Minimally Invasive TLIF

Our spine is made up of small bony segments called vertebrae. These vertebrae are categorized into cervical or neck vertebrae, thoracic (upper back) and lumbar (lower back). Cushioning discs present between each vertebrae act as shock absorbers. A cylindrical bundle of nerve fibres called the spinal cord passes through the entire vertebral column and branches out to the various parts of our body. Any damage or deformity to the bones of the vertebral column or to the disks present between the vertebrae can damage these nerves, leading to pain in the body part that the nerve supplies.

Transforaminal lumbar interbody fusion (TLIF) is a minimally invasive fusion of the vertebrae of the lumbar region (lower back). It is designed to provide stability to the spine and treat back and leg pain.

Indication

Transforaminal lumbar interbody fusion is indicated for:

  • Degenerative Disc Disease: Wearing out of the intervertebral discs with age
  • Scoliosis: Abnormally curved spine
  • Spinal Stenosis: Narrowing of the spinal canal
  • Spondylolisthesis: Forward dislocation of one vertebra over the other
  • Fractures
  • Infections
  • Tumours

Surgical procedure

Your surgeon may recommend a TLIF when conservative measures (rest, physical therapy, and medications) fail to relieve your back and leg pain.

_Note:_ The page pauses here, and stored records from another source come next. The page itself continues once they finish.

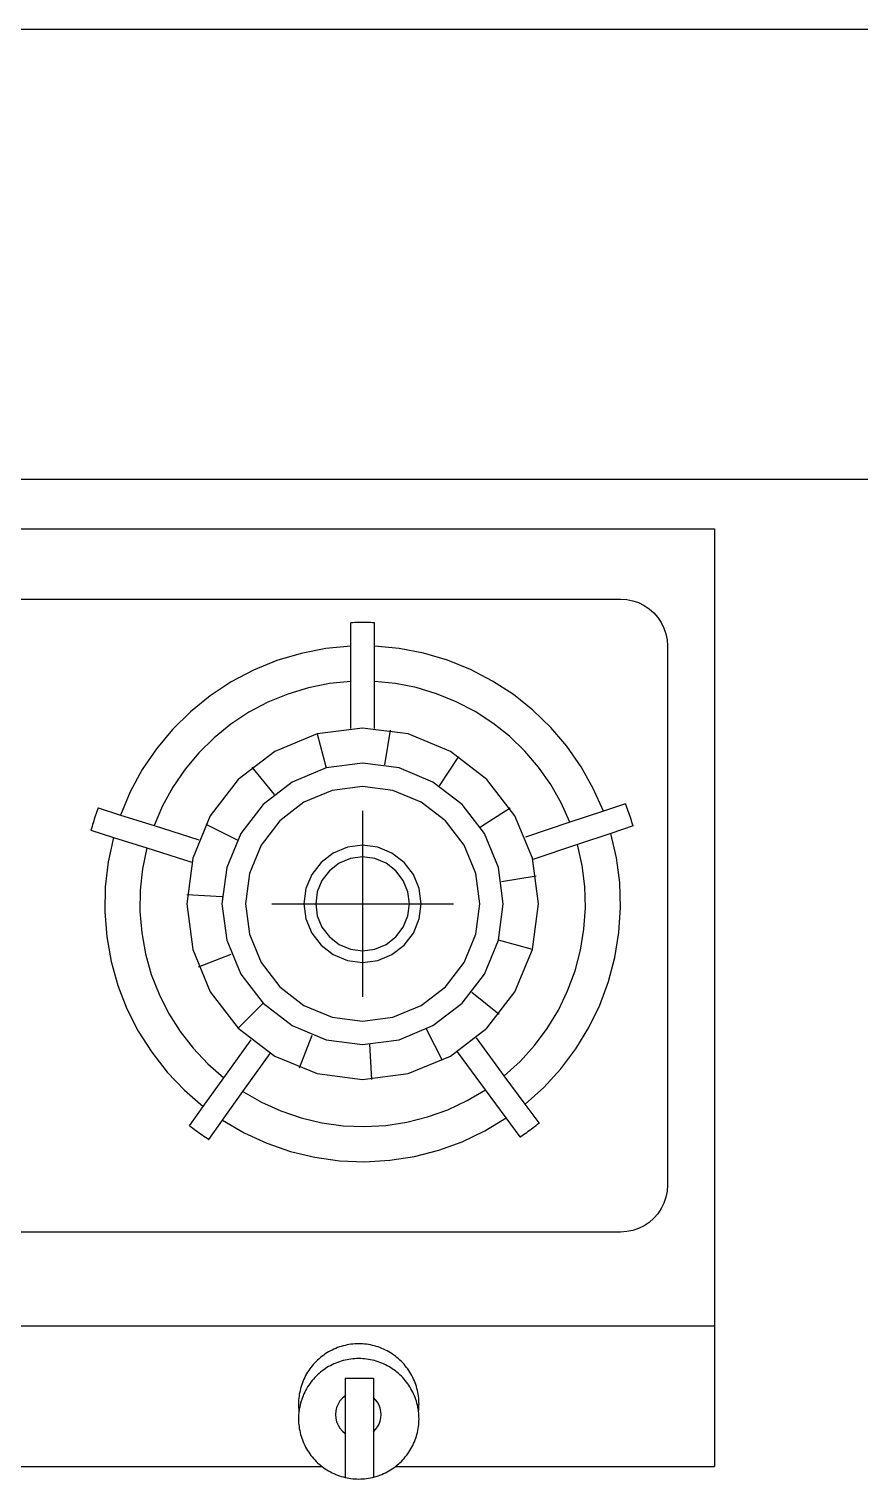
# Model space of a CAD drawing. Header units: centimetres. Extents: x 921 to 2601, y 2858 to 4336.
# Drawn here: x 2267.6 to 2316.4, y 3963.7 to 4048.9 of the extents above; entities that cross this region are included whole.
import ezdxf

# ---------------------------------------------------------------- set-up
doc = ezdxf.new("R2010")
doc.units = ezdxf.units.CM
doc.layers.add('結構', color=7, linetype='Continuous')

msp = doc.modelspace()

# ---------------------------------------------------------------- linework, layer by layer
at = {"layer": '結構'}
for p, q in [((2086.128, 4048.917), (2402.444, 4048.917)), ((2097.086, 4022.463), (2375.99, 4022.463)), ((2211.418, 4019.547), (2307.866, 4019.547)), ((2307.866, 4019.547), (2307.866, 3972.701)), ((2216.929, 4015.413), (2302.355, 4015.413)), ((2302.355, 4015.413), (2302.714, 4015.39)), ((2302.714, 4015.39), (2303.068, 4015.319)), ((2303.068, 4015.319), (2303.409, 4015.203)), ((2303.409, 4015.203), (2303.733, 4015.044)), ((2303.733, 4015.044), (2304.032, 4014.844)), ((2304.032, 4014.844), (2304.303, 4014.606)), ((2286.624, 4014.025), (2286.51, 4014.021)), ((2286.51, 4012.642), (2286.51, 4014.021)), ((2286.739, 4014.029), (2286.624, 4014.025)), ((2286.854, 4014.032), (2286.739, 4014.029)), ((2286.969, 4014.034), (2286.854, 4014.032)), ((2287.084, 4014.035), (2286.969, 4014.034)), ((2287.199, 4014.035), (2287.084, 4014.035)), ((2287.313, 4014.035), (2287.199, 4014.035)), ((2287.428, 4014.034), (2287.313, 4014.035)), ((2287.543, 4014.032), (2287.428, 4014.034)), ((2287.658, 4014.029), (2287.543, 4014.032)), ((2287.773, 4014.025), (2287.658, 4014.029)), ((2287.888, 4014.021), (2287.773, 4014.025)), ((2287.888, 4012.642), (2287.888, 4014.021)), ((2304.303, 4014.606), (2304.541, 4014.335)), ((2304.541, 4014.335), (2304.741, 4014.035)), ((2304.741, 4014.035), (2304.901, 4013.712)), ((2304.901, 4013.712), (2305.016, 4013.371)), ((2305.016, 4013.371), (2305.087, 4013.017)), ((2305.087, 4013.017), (2305.11, 4012.658)), ((2283.58, 4012.219), (2282.16, 4011.796)), ((2285.035, 4012.502), (2283.58, 4012.219)), ((2286.51, 4012.642), (2285.035, 4012.502)), ((2286.51, 4010.573), (2286.51, 4012.642)), ((2289.343, 4012.505), (2287.888, 4012.642)), ((2287.888, 4010.573), (2287.888, 4012.642)), ((2290.778, 4012.229), (2289.343, 4012.505)), ((2292.18, 4011.816), (2290.778, 4012.229)), ((2305.11, 4012.658), (2305.11, 3980.968)), ((2282.16, 4011.796), (2280.788, 4011.235)), ((2293.536, 4011.269), (2292.18, 4011.816)), ((2279.478, 4010.544), (2278.241, 4009.727)), ((2280.788, 4011.235), (2279.478, 4010.544)), ((2286.51, 4010.573), (2285.252, 4010.445)), ((2286.51, 4007.812), (2286.51, 4010.573)), ((2289.128, 4010.448), (2287.888, 4010.573)), ((2287.888, 4007.812), (2287.888, 4010.573)), ((2294.832, 4010.595), (2293.536, 4011.269)), ((2296.058, 4009.798), (2294.832, 4010.595)), ((2278.241, 4009.727), (2277.09, 4008.794)), ((2282.803, 4009.831), (2281.634, 4009.349)), ((2284.013, 4010.197), (2282.803, 4009.831)), ((2285.252, 4010.445), (2284.013, 4010.197)), ((2290.351, 4010.206), (2289.128, 4010.448)), ((2291.545, 4009.848), (2290.351, 4010.206)), ((2292.7, 4009.379), (2291.545, 4009.848)), ((2297.201, 4008.888), (2296.058, 4009.798)), ((2277.09, 4008.794), (2276.036, 4007.753)), ((2280.517, 4008.757), (2279.463, 4008.06)), ((2281.634, 4009.349), (2280.517, 4008.757)), ((2293.805, 4008.801), (2292.7, 4009.379)), ((2294.85, 4008.122), (2293.805, 4008.801)), ((2298.252, 4007.871), (2297.201, 4008.888)), ((2279.463, 4008.06), (2278.48, 4007.265)), ((2295.826, 4007.346), (2294.85, 4008.122)), ((2276.036, 4007.753), (2275.088, 4006.614)), ((2278.48, 4007.265), (2277.579, 4006.378)), ((2284.524, 4007.483), (2282.032, 4006.451)), ((2287.199, 4007.835), (2284.524, 4007.483)), ((2284.524, 4007.483), (2285.059, 4005.487)), ((2289.873, 4007.483), (2287.199, 4007.835)), ((2288.815, 4007.708), (2288.492, 4005.667)), ((2292.365, 4006.451), (2289.873, 4007.483)), ((2296.723, 4006.48), (2295.826, 4007.346)), ((2299.199, 4006.758), (2298.252, 4007.871)), ((2275.088, 4006.614), (2274.256, 4005.388)), ((2277.579, 4006.378), (2276.768, 4005.409)), ((2282.032, 4006.451), (2279.892, 4004.809)), ((2294.506, 4004.809), (2292.365, 4006.451)), ((2297.534, 4005.533), (2296.723, 4006.48)), ((2300.035, 4005.559), (2299.199, 4006.758)), ((2274.256, 4005.388), (2273.548, 4004.086)), ((2276.768, 4005.409), (2276.054, 4004.366)), ((2280.695, 4005.532), (2281.996, 4003.926)), ((2285.059, 4005.487), (2283.065, 4004.661)), ((2287.199, 4005.768), (2285.059, 4005.487)), ((2289.338, 4005.487), (2287.199, 4005.768)), ((2291.332, 4004.661), (2289.338, 4005.487)), ((2292.827, 4006.168), (2291.701, 4004.435)), ((2298.251, 4004.514), (2297.534, 4005.533)), ((2300.752, 4004.285), (2300.035, 4005.559)), ((2279.892, 4004.809), (2278.249, 4002.668)), ((2283.065, 4004.661), (2281.353, 4003.347)), ((2293.044, 4003.347), (2291.332, 4004.661)), ((2296.148, 4002.668), (2294.506, 4004.809)), ((2298.868, 4003.43), (2298.251, 4004.514)), ((2273.548, 4004.086), (2272.97, 4002.722)), ((2276.054, 4004.366), (2275.444, 4003.259)), ((2285.416, 4004.156), (2283.754, 4003.468)), ((2287.199, 4004.391), (2285.416, 4004.156)), ((2288.982, 4004.156), (2287.199, 4004.391)), ((2290.643, 4003.468), (2288.982, 4004.156)), ((2301.342, 4002.948), (2300.752, 4004.285)), ((2271.541, 4002.813), (2271.504, 4002.704)), ((2271.578, 4002.921), (2271.541, 4002.813)), ((2271.616, 4003.03), (2271.578, 4002.921)), ((2271.655, 4003.138), (2271.616, 4003.03)), ((2271.641, 4003.142), (2271.655, 4003.138)), ((2271.655, 4003.138), (2272.97, 4002.722)), ((2275.444, 4003.259), (2274.943, 4002.098)), ((2281.353, 4003.347), (2280.039, 4001.635)), ((2283.754, 4003.468), (2282.327, 4002.373)), ((2287.199, 4002.958), (2287.199, 4000.946)), ((2292.07, 4002.373), (2290.643, 4003.468)), ((2294.358, 4001.635), (2293.044, 4003.347)), ((2295.865, 4003.13), (2294.132, 4002.004)), ((2299.379, 4002.293), (2298.868, 4003.43)), ((2301.342, 4002.948), (2299.379, 4002.293)), ((2302.65, 4003.385), (2301.342, 4002.948)), ((2302.664, 4003.39), (2302.65, 4003.385)), ((2302.691, 4003.278), (2302.65, 4003.385)), ((2302.731, 4003.17), (2302.691, 4003.278)), ((2302.77, 4003.062), (2302.731, 4003.17)), ((2302.808, 4002.953), (2302.77, 4003.062)), ((2302.845, 4002.845), (2302.808, 4002.953)), ((2302.882, 4002.736), (2302.845, 4002.845)), ((2271.27, 4001.935), (2271.24, 4001.824)), ((2271.301, 4002.045), (2271.27, 4001.935)), ((2271.333, 4002.156), (2271.301, 4002.045)), ((2271.366, 4002.266), (2271.333, 4002.156)), ((2271.399, 4002.375), (2271.366, 4002.266)), ((2271.434, 4002.485), (2271.399, 4002.375)), ((2271.469, 4002.594), (2271.434, 4002.485)), ((2271.504, 4002.704), (2271.469, 4002.594)), ((2272.97, 4002.722), (2274.943, 4002.098)), ((2274.943, 4002.098), (2277.575, 4001.266)), ((2278.249, 4002.668), (2277.217, 4000.176)), ((2277.991, 4002.193), (2279.833, 4001.255)), ((2282.327, 4002.373), (2281.232, 4000.946)), ((2293.165, 4000.946), (2292.07, 4002.373)), ((2297.18, 4000.176), (2296.148, 4002.668)), ((2299.379, 4002.293), (2296.761, 4001.419)), ((2303.087, 4002.078), (2301.778, 4001.641)), ((2302.918, 4002.627), (2302.882, 4002.736)), ((2302.953, 4002.518), (2302.918, 4002.627)), ((2302.988, 4002.408), (2302.953, 4002.518)), ((2303.021, 4002.298), (2302.988, 4002.408)), ((2303.054, 4002.188), (2303.021, 4002.298)), ((2303.087, 4002.078), (2303.054, 4002.188)), ((2303.1, 4002.083), (2303.087, 4002.078)), ((2271.226, 4001.828), (2271.24, 4001.824)), ((2271.24, 4001.824), (2272.555, 4001.408)), ((2272.555, 4001.408), (2272.245, 3999.969)), ((2272.555, 4001.408), (2274.528, 4000.785)), ((2280.039, 4001.635), (2279.213, 3999.641)), ((2295.184, 3999.641), (2294.358, 4001.635)), ((2301.778, 4001.641), (2299.816, 4000.986)), ((2302.111, 4000.208), (2301.778, 4001.641)), ((2274.528, 4000.785), (2274.271, 3999.556)), ((2274.528, 4000.785), (2277.16, 3999.952)), ((2281.232, 4000.946), (2280.544, 3999.285)), ((2285.476, 4000.485), (2284.763, 3999.937)), ((2286.307, 4000.829), (2285.476, 4000.485)), ((2287.199, 4000.946), (2286.307, 4000.829)), ((2287.199, 4000.257), (2286.485, 4000.163)), ((2288.09, 4000.829), (2287.199, 4000.946)), ((2287.199, 4000.946), (2287.199, 4000.257)), ((2287.912, 4000.163), (2287.199, 4000.257)), ((2287.199, 4000.257), (2287.199, 3994.746)), ((2288.921, 4000.485), (2288.09, 4000.829)), ((2289.634, 3999.937), (2288.921, 4000.485)), ((2293.853, 3999.285), (2293.165, 4000.946)), ((2299.816, 4000.986), (2297.197, 4000.112)), ((2300.091, 3999.762), (2299.816, 4000.986)), ((2272.245, 3999.969), (2272.076, 3998.508)), ((2274.271, 3999.556), (2274.134, 3998.308)), ((2277.217, 4000.176), (2276.865, 3997.501)), ((2279.213, 3999.641), (2278.932, 3997.501)), ((2284.763, 3999.937), (2284.216, 3999.224)), ((2285.25, 3999.45), (2284.812, 3998.879)), ((2285.821, 3999.888), (2285.25, 3999.45)), ((2286.485, 4000.163), (2285.821, 3999.888)), ((2288.576, 3999.888), (2287.912, 4000.163)), ((2289.147, 3999.45), (2288.576, 3999.888)), ((2289.585, 3998.879), (2289.147, 3999.45)), ((2290.182, 3999.224), (2289.634, 3999.937)), ((2295.466, 3997.501), (2295.184, 3999.641)), ((2297.532, 3997.501), (2297.18, 4000.176)), ((2300.249, 3998.516), (2300.091, 3999.762)), ((2302.303, 3998.749), (2302.111, 4000.208)), ((2280.544, 3999.285), (2280.309, 3997.501)), ((2284.216, 3999.224), (2283.871, 3998.393)), ((2284.812, 3998.879), (2284.537, 3998.215)), ((2289.86, 3998.215), (2289.585, 3998.879)), ((2290.526, 3998.393), (2290.182, 3999.224)), ((2294.088, 3997.501), (2293.853, 3999.285)), ((2297.405, 3999.118), (2295.364, 3998.795)), ((2302.353, 3997.278), (2302.303, 3998.749)), ((2272.076, 3998.508), (2272.05, 3997.036)), ((2274.134, 3998.308), (2274.117, 3997.053)), ((2276.879, 3998.042), (2278.943, 3997.934)), ((2283.871, 3998.393), (2283.754, 3997.501)), ((2284.537, 3998.215), (2284.443, 3997.501)), ((2289.954, 3997.501), (2289.86, 3998.215)), ((2290.643, 3997.501), (2290.526, 3998.393)), ((2300.286, 3997.261), (2300.249, 3998.516)), ((2272.05, 3997.036), (2272.166, 3995.569)), ((2274.117, 3997.053), (2274.22, 3995.801)), ((2276.865, 3997.501), (2277.217, 3994.827)), ((2278.932, 3997.501), (2279.213, 3995.362)), ((2280.309, 3997.501), (2280.544, 3995.718)), ((2281.859, 3997.501), (2283.754, 3997.501)), ((2283.754, 3997.501), (2283.871, 3996.61)), ((2283.754, 3997.501), (2284.443, 3997.501)), ((2284.443, 3997.501), (2284.537, 3996.788)), ((2284.443, 3997.501), (2289.954, 3997.501)), ((2289.86, 3996.788), (2289.954, 3997.501)), ((2289.954, 3997.501), (2290.643, 3997.501)), ((2290.526, 3996.61), (2290.643, 3997.501)), ((2290.643, 3997.501), (2292.538, 3997.501)), ((2293.853, 3995.718), (2294.088, 3997.501)), ((2295.184, 3995.362), (2295.466, 3997.501)), ((2297.18, 3994.827), (2297.532, 3997.501)), ((2300.203, 3996.009), (2300.286, 3997.261)), ((2302.26, 3995.809), (2302.353, 3997.278)), ((2283.871, 3996.61), (2284.216, 3995.779)), ((2284.537, 3996.788), (2284.812, 3996.124)), ((2284.812, 3996.124), (2285.25, 3995.553)), ((2289.147, 3995.553), (2289.585, 3996.124)), ((2289.585, 3996.124), (2289.86, 3996.788)), ((2290.182, 3995.779), (2290.526, 3996.61)), ((2300, 3994.77), (2300.203, 3996.009)), ((2272.166, 3995.569), (2272.425, 3994.12)), ((2274.22, 3995.801), (2274.443, 3994.566)), ((2279.213, 3995.362), (2280.039, 3993.368)), ((2280.544, 3995.718), (2281.232, 3994.057)), ((2284.216, 3995.779), (2284.763, 3995.066)), ((2285.25, 3995.553), (2285.821, 3995.115)), ((2285.821, 3995.115), (2286.485, 3994.84)), ((2287.912, 3994.84), (2288.576, 3995.115)), ((2288.576, 3995.115), (2289.147, 3995.553)), ((2289.634, 3995.066), (2290.182, 3995.779)), ((2293.165, 3994.057), (2293.853, 3995.718)), ((2294.358, 3993.368), (2295.184, 3995.362)), ((2297.18, 3994.827), (2295.184, 3995.362)), ((2302.025, 3994.356), (2302.26, 3995.809)), ((2274.443, 3994.566), (2274.783, 3993.357)), ((2277.217, 3994.827), (2278.249, 3992.335)), ((2277.551, 3993.798), (2279.481, 3994.539)), ((2284.763, 3995.066), (2285.476, 3994.518)), ((2285.476, 3994.518), (2286.307, 3994.174)), ((2286.485, 3994.84), (2287.199, 3994.746)), ((2287.199, 3994.746), (2287.912, 3994.84)), ((2287.199, 3994.746), (2287.199, 3994.057)), ((2288.09, 3994.174), (2288.921, 3994.518)), ((2288.921, 3994.518), (2289.634, 3995.066)), ((2296.148, 3992.335), (2297.18, 3994.827)), ((2299.679, 3993.556), (2300, 3994.77)), ((2301.65, 3992.933), (2302.025, 3994.356)), ((2272.425, 3994.12), (2272.822, 3992.703)), ((2281.232, 3994.057), (2282.327, 3992.63)), ((2286.307, 3994.174), (2287.199, 3994.057)), ((2287.199, 3994.057), (2288.09, 3994.174)), ((2287.199, 3994.057), (2287.199, 3992.045)), ((2292.07, 3992.63), (2293.165, 3994.057)), ((2299.244, 3992.379), (2299.679, 3993.556)), ((2272.822, 3992.703), (2273.355, 3991.331)), ((2274.783, 3993.357), (2275.237, 3992.187)), ((2280.039, 3993.368), (2281.353, 3991.656)), ((2282.327, 3992.63), (2283.754, 3991.535)), ((2290.643, 3991.535), (2292.07, 3992.63)), ((2293.044, 3991.656), (2294.358, 3993.368)), ((2301.139, 3991.553), (2301.65, 3992.933)), ((2275.237, 3992.187), (2275.801, 3991.066)), ((2278.249, 3992.335), (2279.892, 3990.194)), ((2295.229, 3990.998), (2293.623, 3992.299)), ((2294.506, 3990.194), (2296.148, 3992.335)), ((2298.698, 3991.248), (2299.244, 3992.379)), ((2273.355, 3991.331), (2274.019, 3990.018)), ((2275.801, 3991.066), (2276.47, 3990.003)), ((2279.892, 3990.194), (2281.353, 3991.656)), ((2281.353, 3991.656), (2283.065, 3990.342)), ((2283.754, 3991.535), (2285.416, 3990.847)), ((2288.982, 3990.847), (2290.643, 3991.535)), ((2291.332, 3990.342), (2293.044, 3991.656)), ((2298.046, 3990.176), (2298.698, 3991.248)), ((2300.496, 3990.229), (2301.139, 3991.553)), ((2274.019, 3990.018), (2274.807, 3988.775)), ((2276.47, 3990.003), (2277.237, 3989.01)), ((2279.892, 3990.194), (2282.032, 3988.552)), ((2283.065, 3990.342), (2285.059, 3989.516)), ((2285.416, 3990.847), (2287.199, 3990.612)), ((2287.199, 3990.612), (2288.982, 3990.847)), ((2289.338, 3989.516), (2291.332, 3990.342)), ((2291.89, 3988.294), (2290.952, 3990.136)), ((2292.365, 3988.552), (2294.506, 3990.194)), ((2297.294, 3989.17), (2298.046, 3990.176)), ((2299.728, 3988.974), (2300.496, 3990.229)), ((2279.04, 3987.266), (2280.644, 3989.512)), ((2283.495, 3987.854), (2284.236, 3989.784)), ((2285.059, 3989.516), (2287.199, 3989.235)), ((2287.199, 3989.235), (2289.338, 3989.516)), ((2287.739, 3987.182), (2287.631, 3989.246)), ((2295.52, 3987.398), (2293.88, 3989.618)), ((2296.45, 3988.241), (2297.294, 3989.17)), ((2274.807, 3988.775), (2275.712, 3987.614)), ((2277.237, 3989.01), (2278.097, 3988.095)), ((2280.161, 3986.465), (2281.765, 3988.711)), ((2282.032, 3988.552), (2284.524, 3987.52)), ((2289.873, 3987.52), (2292.365, 3988.552)), ((2294.412, 3986.579), (2292.771, 3988.799)), ((2298.842, 3987.799), (2299.728, 3988.974)), ((2275.712, 3987.614), (2276.725, 3986.547)), ((2278.097, 3988.095), (2279.04, 3987.266)), ((2284.524, 3987.52), (2287.199, 3987.168)), ((2287.199, 3987.168), (2289.873, 3987.52)), ((2295.52, 3987.398), (2296.45, 3988.241)), ((2297.846, 3986.715), (2298.842, 3987.799)), ((2277.837, 3985.582), (2279.04, 3987.266)), ((2296.749, 3985.733), (2295.52, 3987.398)), ((2296.749, 3985.733), (2297.846, 3986.715)), ((2276.725, 3986.547), (2277.837, 3985.582)), ((2278.958, 3984.782), (2280.161, 3986.465)), ((2280.161, 3986.465), (2281.25, 3985.842)), ((2281.25, 3985.842), (2282.395, 3985.326)), ((2292.196, 3985.404), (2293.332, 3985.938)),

TLIF usually takes about 3 to 6 hours depending on the number of spinal segments treated. It is performed under general anaesthesia so you will be asleep throughout the procedure. You will be given preoperative antibiotics to prevent infection, and will be placed in the prone position (lying on your stomach).

X-ray is used to confirm the location of the diseased segment. Your surgeon will then create a small incision on your back. Your back muscles are separated and held in place with a tubular retractor in order to clearly expose the diseased part of your spine.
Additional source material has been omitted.